I find that students sometimes have a hard time separating classroom time from “specials” time when I am in their room. To avoid confusion, set your own rules and expectations from Day 1 and remind your students frequently. I bring this set of colorful classroom rules posters on the first day of class and allow students to vote on their top three rules. I write their three choices on the top of my attendance roster and remind them of their classroom expectations for each other each time I visit. They love having ownership over their rules! I usually add, “If you don’t bring it with you to your other specials classes, such as PE, Library, Music, Art, or Computer, don’t take it out during our time together, either.”

  1. CARRY CLASS ROSTERS AND TAKE ATTENDANCE

I carry a class roster with all medical notes and accommodations on my clipboard and take attendance for each class. Even if the teacher tells me who is absent or elsewhere, I make a point to take attendance. This helps me learn names, track attendance for report cards and emergencies, and make connections with my students. I usually ask a “Question of the Day” for students to answer when I call their names for roll.

  1. TRAVEL WITH EXTRA ACTIVITIES

Bring extra activities in case you finish early or the technology in the classroom doesn’t work. Keep a small ball in your bag, like a thumbball or Koosh ball* for simple energizers such as Name Juggling. I have had times where the power went out or the technology was unavailable/not working and I had to improvise. I usually bring a storybook related to the lesson for if we have extra time. Movement activities to recap your lesson are also great ways to fill time! The teachers always appreciate when I return their students back in a calm state, so I keep a ring of laminated mindful moment cards to open and close our time together. (I got mine from Counselor Keri.)

  1. FAMILIARIZE YOURSELF WITH EACH ROOM’S EMERGENCY PROCEDURES

Learn crisis procedures: how to do all drills in that room, locate evacuation routes, and carry class lists with you (there are apps for this). Along these lines, leave this information any time you have a substitute teaching your class. Keep emergency sub plans updated with a map or list of room numbers and emergency procedures.

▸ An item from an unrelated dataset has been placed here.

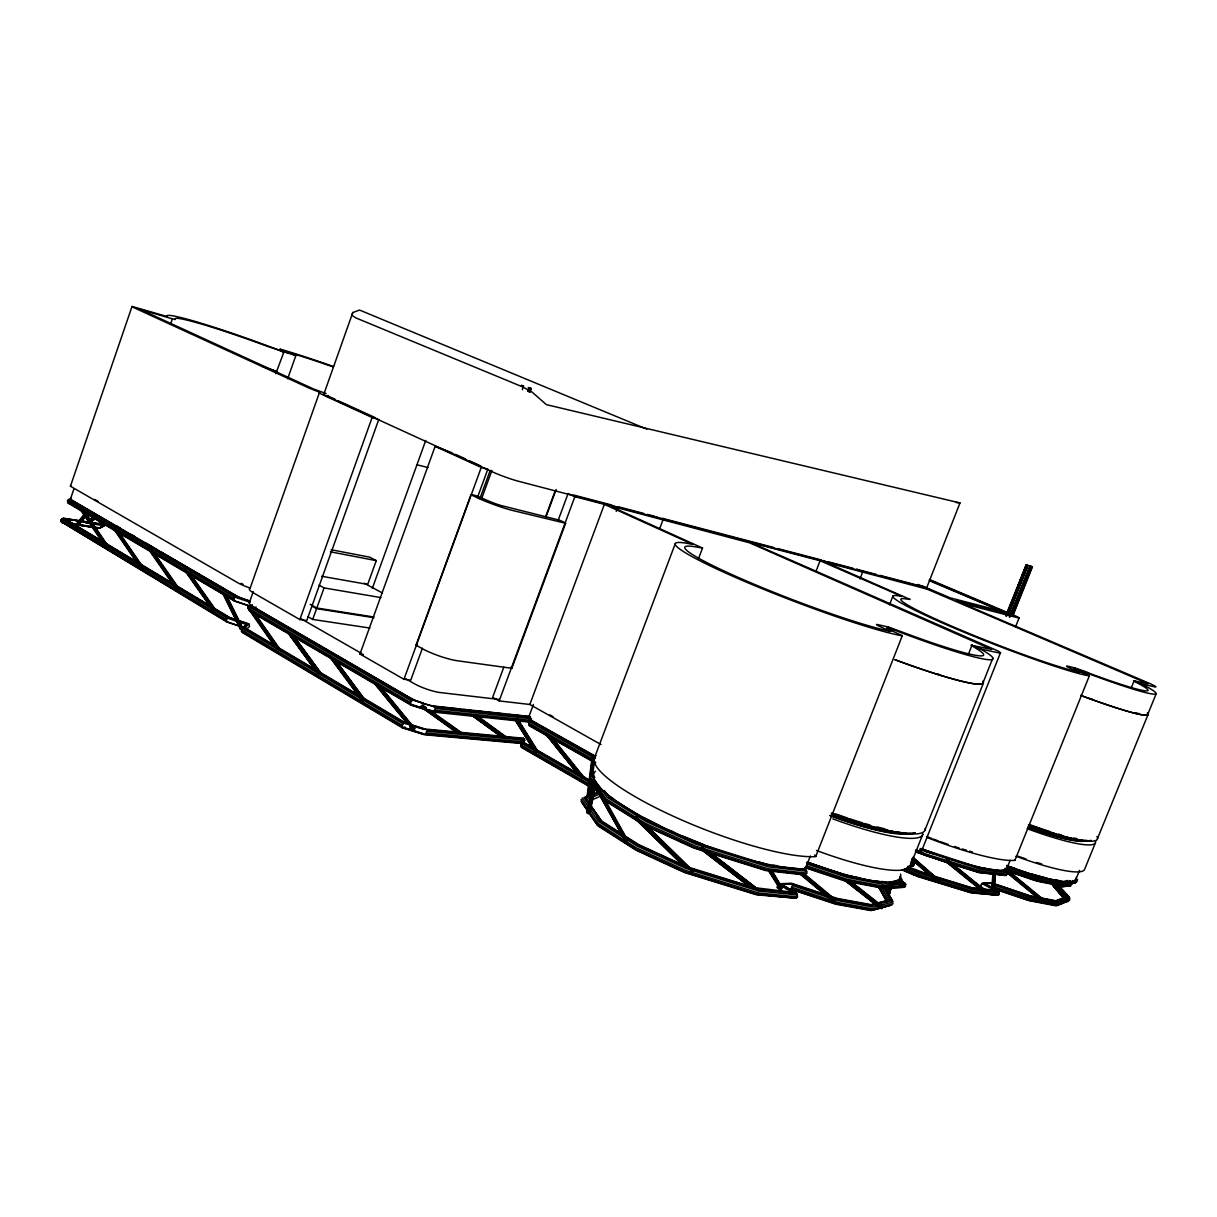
<?xml version="1.0" encoding="UTF-8"?>
<svg xmlns="http://www.w3.org/2000/svg" width="1217" height="1217" viewBox="0 0 1217 1217"><rect width="100%" height="100%" fill="white"/><g stroke="black" fill="none" stroke-linecap="round" stroke-linejoin="round"><path stroke-width="1.5" d="M244.145 627.774L226.879 622.009L60.85 521.439L60.88 520.024L63.147 518.229L79.409 520.663M115.493 531.008L68.289 503.214L67.498 500.704L69.749 498.924L235.976 596.33L249.789 600.985M595.843 784.919L589.849 812.971L588.374 813.762L586.959 811.952L593.82 781.071M589.849 812.971L588.435 811.161L586.959 811.952M71.62 523.386L100.326 527.995L101.224 525.394L104.266 523.782M591.416 779.671L589.469 796.222L587.218 795.477L588.693 794.032L590.062 794.944M1043.273 902.512L1044.734 902.162L1044.825 900.641M1052.903 883.953L1052.811 885.398L1063.932 897.933M245.104 627.257L245.195 625.751L247.523 623.697L228.537 617.354L176.648 586.259M992.068 886.25L992.905 872.954L994.091 873.989L995.43 873.243L994.335 871.433M992.479 886.934L993.422 873.243M887.132 892.38L889.095 884.12M891.939 884.379L888.821 895.134L891.939 884.379L890.585 883.223L889.688 883.436L887.284 892.654M993.224 887.254L994.091 873.989M886.295 888.273L904.581 887.239L905.737 884.333L899.546 878.324M907.745 866.458L913.009 866.048L914.058 864.8L913.313 861.666M994.015 887.102L994.898 873.836M994.532 880.089L994.198 885.078L1031.134 897.659L1058.334 902.892L1069.91 898.268L1062.426 889.946M994.532 886.539L995.506 872.467M901.751 869.759L916.979 876.346L971.166 892.913L998.29 895.24L999.279 894.099L998.564 891.148L984.842 883.633L992.038 883.314M953.991 864.891L979.274 872.726L1006.292 875.388L1007.387 872.665L1003.508 869.638M61.763 518.792L227.229 618.114L246.123 624.397L242.35 628.368L241.316 631.288L403.648 727.949L423.318 734.064M245.682 630.452L245.043 627.866L248.876 623.941L249.546 626.542L247.218 628.596M252.33 604.651L248.846 610.052L410.251 704.019L433.967 711.595L435.108 708.461L531.099 718.745M589.408 813.443L597.851 825.826L635.913 850.166L684.532 872.559L756.563 894.83L796.359 898.222L797.485 896.853L796.724 893.324L781.74 884.348L792.145 883.953L827.286 895.606M708.355 852.6L765.995 870.627L803.95 874.886L806.78 873.152L806.004 869.623L768.079 865.241L696.048 842.651L647.246 820.456L608.911 796.648L604.575 790.731M228.537 617.354L226.347 619.499L226.879 622.009M235.976 596.33L233.786 598.475L234.318 601L251.584 606.811M598.003 791.506L521.302 747.36L520.846 744.774L524.512 738.886L426.239 729.713L404.333 722.822L402.112 725.271L402.477 727.872L424.383 734.749L520.846 743.435M895.91 887.102L902.892 886.174L899.971 876.818M594.93 762.8L529.334 725.804L528.893 723.202L531.586 718.943M590.032 795.675L591.918 780.295M592.588 775.533L594.444 760.884M587.72 796.101L592.283 759.423M588.587 796.39L590.564 779.382M591.036 775.731L593.151 759.256M592.253 774.24L593.987 759.545M587.218 795.477L591.979 758.13M434.591 706.955L412.685 699.988L410.464 702.422L410.829 705.054L432.735 712.021L530.703 722.274M401.899 726.853L425.615 734.353L426.756 731.234L525.014 740.301L521.774 743.344L596.71 786.319M1066.396 901.386L1068.359 901.082L1068.191 899.682L1052.325 881.108M1030.054 900.337L991.231 887.299L992.311 884.607M1072.496 882.812L1070.519 885.961L1060.159 886.797M1063.719 897.918L1051.153 883.192L1053.177 882.873L1053.009 881.443M589.271 813.58L595.265 786.304M587.476 813.443L588.283 809.807M588.435 811.161L594.444 783.915M589.317 811.48L595.326 784.235M786.288 888.882L791.096 888.699L792.358 885.504L838.041 900.641L873.669 907.121L893.156 901.934L888.79 894.328M586.944 812.743L593.79 781.846M587.522 811.343L593.972 782.288M749.429 886.645L700.536 848.949L702.255 846.271M886.706 893.324L888.623 885.961M81.098 509.893L80.322 508.706L82.254 508.052L108.921 547.315L106.974 548.015L107.735 549.186M681.52 864.116L634.848 818.417L637.054 816.12M887.604 893.156L889.034 885.048M889.764 886.295L890.585 883.223M887.954 895.332L890.388 886.204L891.285 885.991M891.437 883.588L889.444 893.567M889.384 894.449L891.878 885.307M113.942 529.273L113.82 528.208L115.767 527.524M141.674 569.662L142.891 567.776L115.128 527.402M149.326 549.628L148.58 548.441L149.904 547.62L178.838 589.134M626.329 842.666L596.102 788.677L598.414 787.901L597.821 789.757M248.603 608.257L247.675 607.694L248.481 606.462L250.2 606.735M625.264 842.012L627.866 840.475L598.414 787.901M352.793 312.526L351.896 315.203L355.623 317.804L522.549 386.869L531.996 392.026L546.387 404.637L959.985 502.94L926.593 588.07L518.275 481.202A19.944 1.689 20.2 0 1 491.607 471.527L327.692 396.514A18.742 1.43 19.8 0 1 323.981 393.776L352.793 312.526L359.563 310.061L646.866 429.145M131.877 306.73L306.943 387.112A18.635 1.415 19.8 0 0 315.614 390.687L319.584 392.163L250.17 588.054L246.23 586.64A18.438 3.286 18.5 0 1 237.771 582.76L70.434 486.222L132.044 306.425L167.17 316.557A90.56 5.948 19.8 0 1 279.012 350.177L288.003 352.869L279.895 349.127L280.99 349.37A100.281 6.526 20 0 1 333.564 366.56M70.586 498.651L73.994 488.702M170.532 324.224L172.388 318.854L175.218 319.508L175.202 318.611A82.239 5.4 19.8 0 1 267.36 346.328L295.822 355.638L288.581 352.322L290.437 352.869A92.294 6.009 20 0 1 333.306 366.986M275.803 373.68L283.82 352.185L279.301 350.253M287.684 378.73L295.822 355.638M249.333 602.75L253.258 591.645M250.17 588.054L249.302 588.891A23.169 4.199 18.6 0 0 252.786 592.512L299.838 619.559L372.143 417.461L322.855 394.871A23.427 1.795 19.8 0 1 318.93 392.406L319.584 392.163M378.822 419.317L306.745 620.579L299.838 619.559M307.734 616.608L312.693 619.438L316.557 608.667L373.68 617.643M310.213 604.286L316.831 608.013L324.041 587.917L380.921 597.593M331.115 549.719L369.694 557.173L376.281 560.626L367.686 584.403L321.607 576.265M372.326 588.343L425.752 440.417M422.421 648.22L410.768 680.12L403.953 679.284L359.973 654.046L435.138 446.32L451.994 452.785M880.195 907.563L881.793 908.612L882.599 906.391L850.577 881.169M416.031 645.177L470.918 494.741A10.877 1.095 20.1 0 1 476.349 495.806L486.952 500.293A13.265 1.323 20.1 0 0 500.841 505.451L559.196 520.1A10.481 1.019 20.3 0 1 564.338 522.443L565.616 523.28L511.855 668.3L457.638 660.801A26.348 4.792 19.6 0 1 423.699 649.406L416.031 645.177A10.786 1.978 19.5 0 1 417.34 644.873M403.953 679.284L481.247 467.419L482.054 467.526L487.819 469.169L477.46 497.525M479.848 498.742L490.223 470.355M481.521 498.909L491.927 470.416M522.443 389.668L523.067 385.819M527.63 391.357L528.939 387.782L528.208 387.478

  1. FAMILIARIZE YOURSELF WITH THE CLASSROOM’S TECHNOLOGY

Travel with your Chromebook or jumpdrive for quickly accessing your files. If you can, email teachers in advance if you’re going to be using their computers/presenters — as a courtesy.

  1. TRANSPORTING MATERIALS

Carry your materials in a roller case, shoulder bag, or even the cardboard lid from a ream of paper box as a makeshift desk. I loved my IKEA 3-tiered cart (similar available at Michaels and Amazon*), which I used at a pod school, but now that I’m in a two-story building, I try to avoid relying on the elevator. I stick with a tote bag, roller case, or paper box lid, depending on how much I need to tote for each lesson.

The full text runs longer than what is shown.